- Machine Learning
- Causal Discovery
- Feature or Variable Selection
- Molecular Signatures
Epilogeas Project Abstract
Variable selection is a well-studied, solved problem in machine learning and data mining. Or not? While significant progress has been made when variable selection is employed to increase classification performance, novel and important directions need to be explored when
variable selection is employed for understanding the system under study. This is particularly the case when considering the analysis of high-dimensional data, such as omics data (i.e., transcriptomics, next generation sequencing, methylation, etc.).
We propose an intense research program to address current pressing needs, particularly in medicine and biology, but also in any high-dimensional data-analysis setting. We set forth new variable selection problems with deep connections to causality and causal theories.
We propose to study (a) variable selection for repeated measurements, longitudinal data, (b) variable selection when trying to predict the effect of interventions, such as knocking out a gene, (c) variable selection simultaneously from several heterogeneous datasets, as well as any prior knowledge, (d) variable selection to identify all optimal variable sets, not just one; this is particularly important for low sample size and in the presence of co-linearities , and (e) variable selection for hard distributions where pair-wise associations for important variables disappear (e.g. exclusive OR functions)
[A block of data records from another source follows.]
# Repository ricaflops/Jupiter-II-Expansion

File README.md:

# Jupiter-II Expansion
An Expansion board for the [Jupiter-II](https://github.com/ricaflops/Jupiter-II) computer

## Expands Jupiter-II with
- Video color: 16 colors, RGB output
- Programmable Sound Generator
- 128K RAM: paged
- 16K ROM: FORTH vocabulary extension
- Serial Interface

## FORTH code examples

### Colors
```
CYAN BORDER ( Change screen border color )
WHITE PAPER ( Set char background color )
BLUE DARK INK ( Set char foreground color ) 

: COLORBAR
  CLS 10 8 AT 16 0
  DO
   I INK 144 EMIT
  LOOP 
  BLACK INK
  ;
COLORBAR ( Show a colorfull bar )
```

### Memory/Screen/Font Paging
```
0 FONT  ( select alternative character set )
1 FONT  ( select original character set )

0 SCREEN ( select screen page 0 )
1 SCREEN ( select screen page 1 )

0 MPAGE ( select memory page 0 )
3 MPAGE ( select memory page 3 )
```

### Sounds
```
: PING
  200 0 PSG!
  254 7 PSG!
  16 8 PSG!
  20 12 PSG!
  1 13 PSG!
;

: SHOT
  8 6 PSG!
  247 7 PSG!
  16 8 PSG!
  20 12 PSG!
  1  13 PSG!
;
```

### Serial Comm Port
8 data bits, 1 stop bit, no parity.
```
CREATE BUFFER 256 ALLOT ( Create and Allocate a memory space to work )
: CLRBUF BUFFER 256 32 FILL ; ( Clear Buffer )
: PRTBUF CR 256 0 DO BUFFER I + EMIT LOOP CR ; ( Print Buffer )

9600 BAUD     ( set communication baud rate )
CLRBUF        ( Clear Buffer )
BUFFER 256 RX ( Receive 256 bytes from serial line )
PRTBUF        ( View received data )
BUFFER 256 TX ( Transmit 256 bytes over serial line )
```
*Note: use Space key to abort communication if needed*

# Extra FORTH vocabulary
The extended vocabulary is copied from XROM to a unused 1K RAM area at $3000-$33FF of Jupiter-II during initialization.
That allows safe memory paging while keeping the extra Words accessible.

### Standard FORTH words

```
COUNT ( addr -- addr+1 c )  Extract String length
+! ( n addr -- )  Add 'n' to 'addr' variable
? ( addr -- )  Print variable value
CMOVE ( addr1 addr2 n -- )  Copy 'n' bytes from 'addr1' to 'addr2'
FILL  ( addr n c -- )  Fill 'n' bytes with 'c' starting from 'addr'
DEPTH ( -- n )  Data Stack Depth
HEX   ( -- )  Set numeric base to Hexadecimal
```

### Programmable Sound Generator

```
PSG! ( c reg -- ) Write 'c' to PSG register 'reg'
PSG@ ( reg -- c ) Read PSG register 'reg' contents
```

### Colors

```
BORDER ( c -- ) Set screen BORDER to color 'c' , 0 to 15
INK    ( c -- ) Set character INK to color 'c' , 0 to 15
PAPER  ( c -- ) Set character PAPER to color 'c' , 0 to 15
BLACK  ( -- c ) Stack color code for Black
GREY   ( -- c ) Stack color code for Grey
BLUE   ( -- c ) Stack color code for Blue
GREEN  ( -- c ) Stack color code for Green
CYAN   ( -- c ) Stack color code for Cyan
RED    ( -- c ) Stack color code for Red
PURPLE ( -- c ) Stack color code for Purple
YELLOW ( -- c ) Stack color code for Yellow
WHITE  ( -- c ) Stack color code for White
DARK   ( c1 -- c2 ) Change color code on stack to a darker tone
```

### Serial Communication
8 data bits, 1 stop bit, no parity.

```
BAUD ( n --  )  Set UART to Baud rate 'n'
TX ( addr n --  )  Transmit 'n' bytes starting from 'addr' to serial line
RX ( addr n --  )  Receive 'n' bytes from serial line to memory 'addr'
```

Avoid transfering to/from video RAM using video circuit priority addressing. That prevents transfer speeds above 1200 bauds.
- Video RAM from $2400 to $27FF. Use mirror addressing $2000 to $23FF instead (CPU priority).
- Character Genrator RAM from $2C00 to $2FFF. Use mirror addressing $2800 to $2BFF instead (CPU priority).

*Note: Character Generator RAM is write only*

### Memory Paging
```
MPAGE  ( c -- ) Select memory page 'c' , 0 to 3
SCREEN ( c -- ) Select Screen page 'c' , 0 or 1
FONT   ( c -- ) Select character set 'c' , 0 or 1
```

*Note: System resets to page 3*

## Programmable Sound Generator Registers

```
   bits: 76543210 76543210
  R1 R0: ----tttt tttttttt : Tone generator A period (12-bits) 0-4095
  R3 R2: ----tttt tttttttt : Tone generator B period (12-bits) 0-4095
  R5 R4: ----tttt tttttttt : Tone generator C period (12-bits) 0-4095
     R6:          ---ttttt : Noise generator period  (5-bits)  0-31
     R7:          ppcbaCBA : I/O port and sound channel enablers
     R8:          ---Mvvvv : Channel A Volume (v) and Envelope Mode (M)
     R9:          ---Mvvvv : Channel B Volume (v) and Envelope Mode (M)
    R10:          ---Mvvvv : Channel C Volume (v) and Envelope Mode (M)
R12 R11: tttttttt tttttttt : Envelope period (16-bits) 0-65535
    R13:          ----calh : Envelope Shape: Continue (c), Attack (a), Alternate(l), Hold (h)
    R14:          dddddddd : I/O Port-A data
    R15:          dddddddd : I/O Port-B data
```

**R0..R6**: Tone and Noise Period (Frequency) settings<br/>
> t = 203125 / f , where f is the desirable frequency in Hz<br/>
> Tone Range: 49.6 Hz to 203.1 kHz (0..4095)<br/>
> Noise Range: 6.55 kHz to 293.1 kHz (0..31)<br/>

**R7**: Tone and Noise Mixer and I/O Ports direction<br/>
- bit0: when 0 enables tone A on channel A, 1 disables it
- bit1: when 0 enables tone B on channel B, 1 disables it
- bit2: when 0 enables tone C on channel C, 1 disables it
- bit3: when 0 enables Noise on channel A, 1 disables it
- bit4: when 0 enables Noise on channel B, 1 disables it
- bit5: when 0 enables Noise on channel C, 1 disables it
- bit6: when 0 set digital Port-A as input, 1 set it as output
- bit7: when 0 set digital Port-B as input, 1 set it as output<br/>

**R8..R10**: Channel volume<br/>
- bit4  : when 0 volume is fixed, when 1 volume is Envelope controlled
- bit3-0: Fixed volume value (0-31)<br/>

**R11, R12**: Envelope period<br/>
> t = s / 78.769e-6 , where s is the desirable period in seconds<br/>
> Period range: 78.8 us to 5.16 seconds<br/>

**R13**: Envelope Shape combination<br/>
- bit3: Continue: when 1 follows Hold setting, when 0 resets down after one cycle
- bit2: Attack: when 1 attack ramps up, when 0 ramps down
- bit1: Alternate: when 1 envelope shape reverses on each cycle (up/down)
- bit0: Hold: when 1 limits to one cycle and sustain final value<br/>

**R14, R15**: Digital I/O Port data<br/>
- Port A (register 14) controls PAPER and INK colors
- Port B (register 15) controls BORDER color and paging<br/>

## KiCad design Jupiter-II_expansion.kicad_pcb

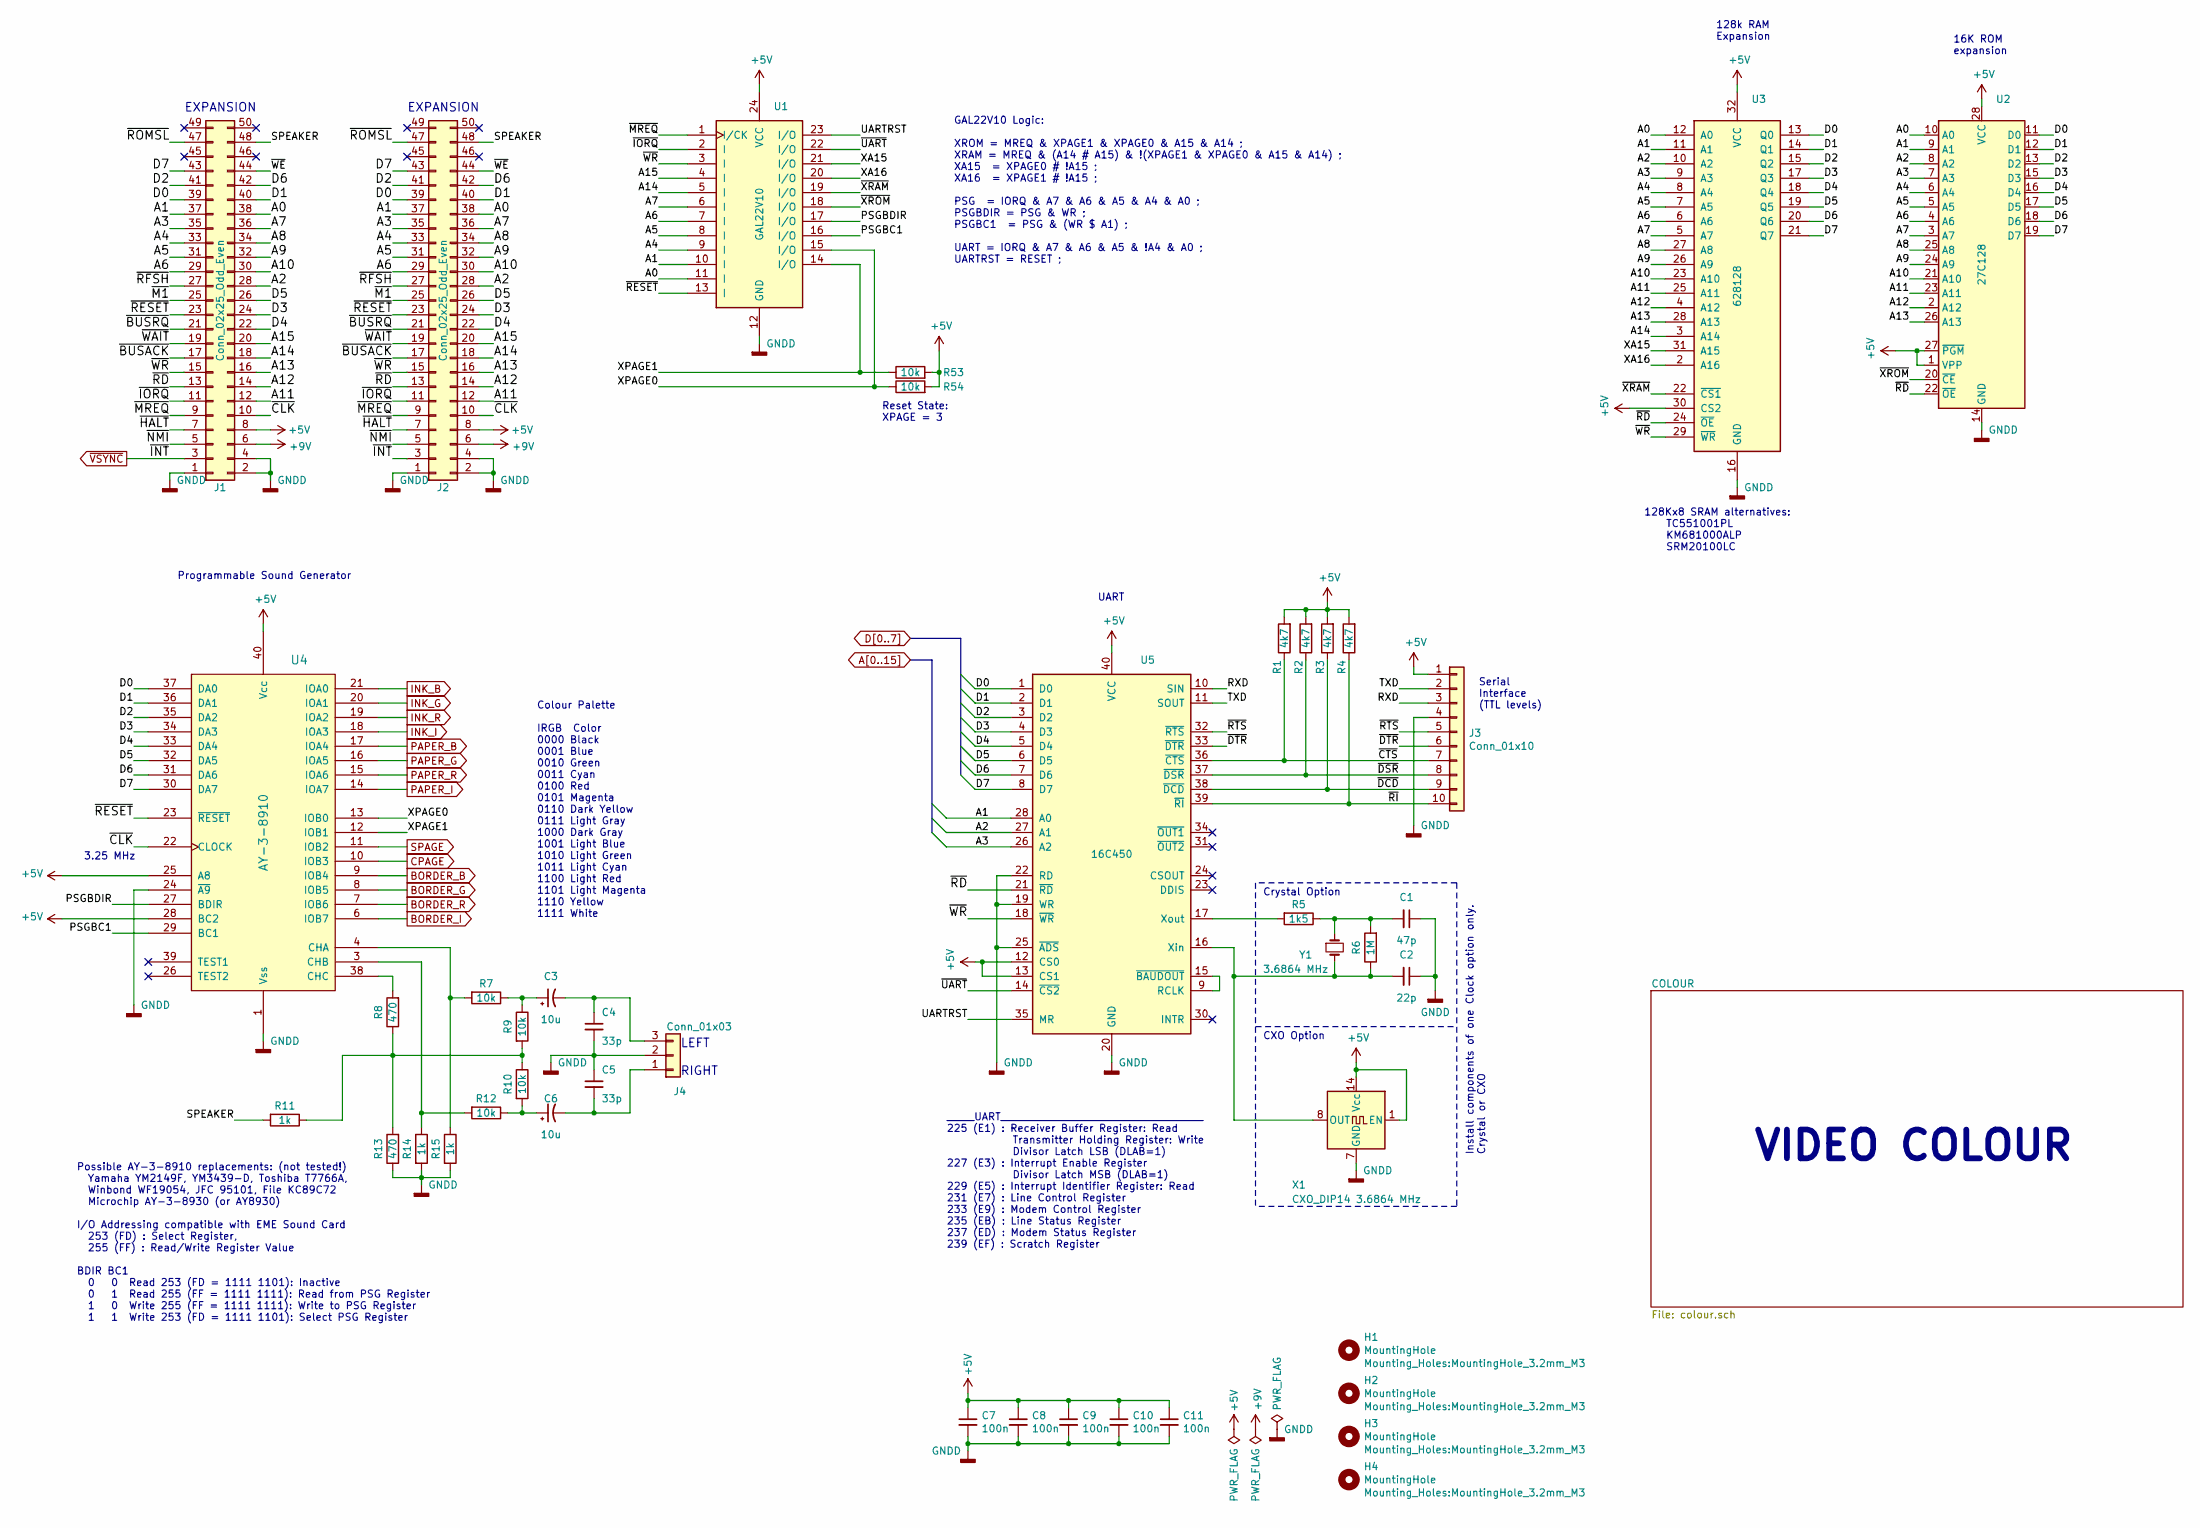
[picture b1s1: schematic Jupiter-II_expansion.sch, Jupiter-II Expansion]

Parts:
C1: 47p; C_0805_2012Metric_Pad1.15x1.40mm_HandSolder
C2: 22p; C_0805_2012Metric_Pad1.15x1.40mm_HandSolder
C3, C6: 10u; CP_EIA-6032-15_Kemet-U_Pad2.25x2.35mm_HandSolder
C4, C5: 33p; C_0805_2012Metric_Pad1.15x1.40mm_HandSolder
C7, C8, C9, C10, C11: 100n; C_Rect_L7.0mm_W2.5mm_P5.00mm
H1, H2, H3, H4: MountingHole; MountingHole_3.2mm_M3
J1: Conn_02x25_Odd_Even; PinHeader_2x25_P2.54mm_Vertical
J2: Conn_02x25_Odd_Even; PinSocket_2x25_P2.54mm_Vertical
J3: Conn_01x10; Molex_KK-254_AE-6410-10A_1x10_P2.54mm_Vertical
J4: Conn_01x03; Molex_KK-254_AE-6410-03A_1x03_P2.54mm_Vertical
R1, R2, R3, R4: 4k7; R_0805_2012Metric_Pad1.15x1.40mm_HandSolder
R5: 1k5; R_0805_2012Metric_Pad1.15x1.40mm_HandSolder
R6: 1M; R_0805_2012Metric_Pad1.15x1.40mm_HandSolder
R7, R9, R10, R12, R53, R54: 10k; R_0805_2012Metric_Pad1.15x1.40mm_HandSolder
R8, R13: 470; R_0805_2012Metric_Pad1.15x1.40mm_HandSolder
R11, R14, R15: 1k; R_0805_2012Metric_Pad1.15x1.40mm_HandSolder
U1: GAL22V10; DIP-24_W7.62mm_Socket
U2: 27C128; DIP-28_W15.24mm
U3: 628128; DIP-32_W15.24mm
U4: AY-3-8910; DIP-40_W15.24mm_Socket
U5: 16C450; DIP-40_W15.24mm_Socket
X1: CXO_DIP14 3.6864 MHz; Oscillator_DIP-14
Y1: 3.6864 MHz; Crystal_HC18-U_Vertical

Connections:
+5V: C7.1, C8.1, C9.1, C10.1, C11.1, J1.8, J2.8, J3.1, R1.2, R2.2, R3.2, R4.2, R53.2, R54.2, U1.24 (VCC), U2.1 (VPP), U2.27 (~PGM), U2.28 (VCC), U3.30 (CS2), U3.32 (VCC), U4.25 (A8), U4.28 (BC2), U4.40 (Vcc), U5.12 (CS0), U5.13 (CS1), U5.40 (VCC), X1.1 (EN), X1.14 (Vcc); also elsewhere on the board
+9V: J1.6, J2.6
/PSGBC1: U1.16 (I/O), U4.29 (BC1)
/PSGBDIR: U1.17 (I/O), U4.27 (BDIR)
/RXD: J3.3, U5.10 (SIN)
/SPEAKER: J1.48, J2.48, R11.2
/TXD: J3.2, U5.11 (SOUT)
/UARTRST: U1.23 (I/O), U5.35 (MR)
/XA15: U1.21 (I/O), U3.31 (A15)
/XA16: U1.20 (I/O), U3.2 (A16)
/XPAGE0: R54.1, U1.15 (I/O), U4.13 (IOB0)
/XPAGE1: R53.1, U1.14 (I/O), U4.12 (IOB1)
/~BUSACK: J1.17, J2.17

The algorithms will co-evolve with three importan biological applications to maximize the potential impact to human health, as well as ensure they are practical and usefull; (I) mesothelioma and lung cancer, (II) chronic lung diseases, and (III) DN - damage related aging. The applications will be supervised by our national and international biology collaborators.
To ensure rapid update of results we will encapsulate the algorithms in easy-to-use tools targetting non-expert users.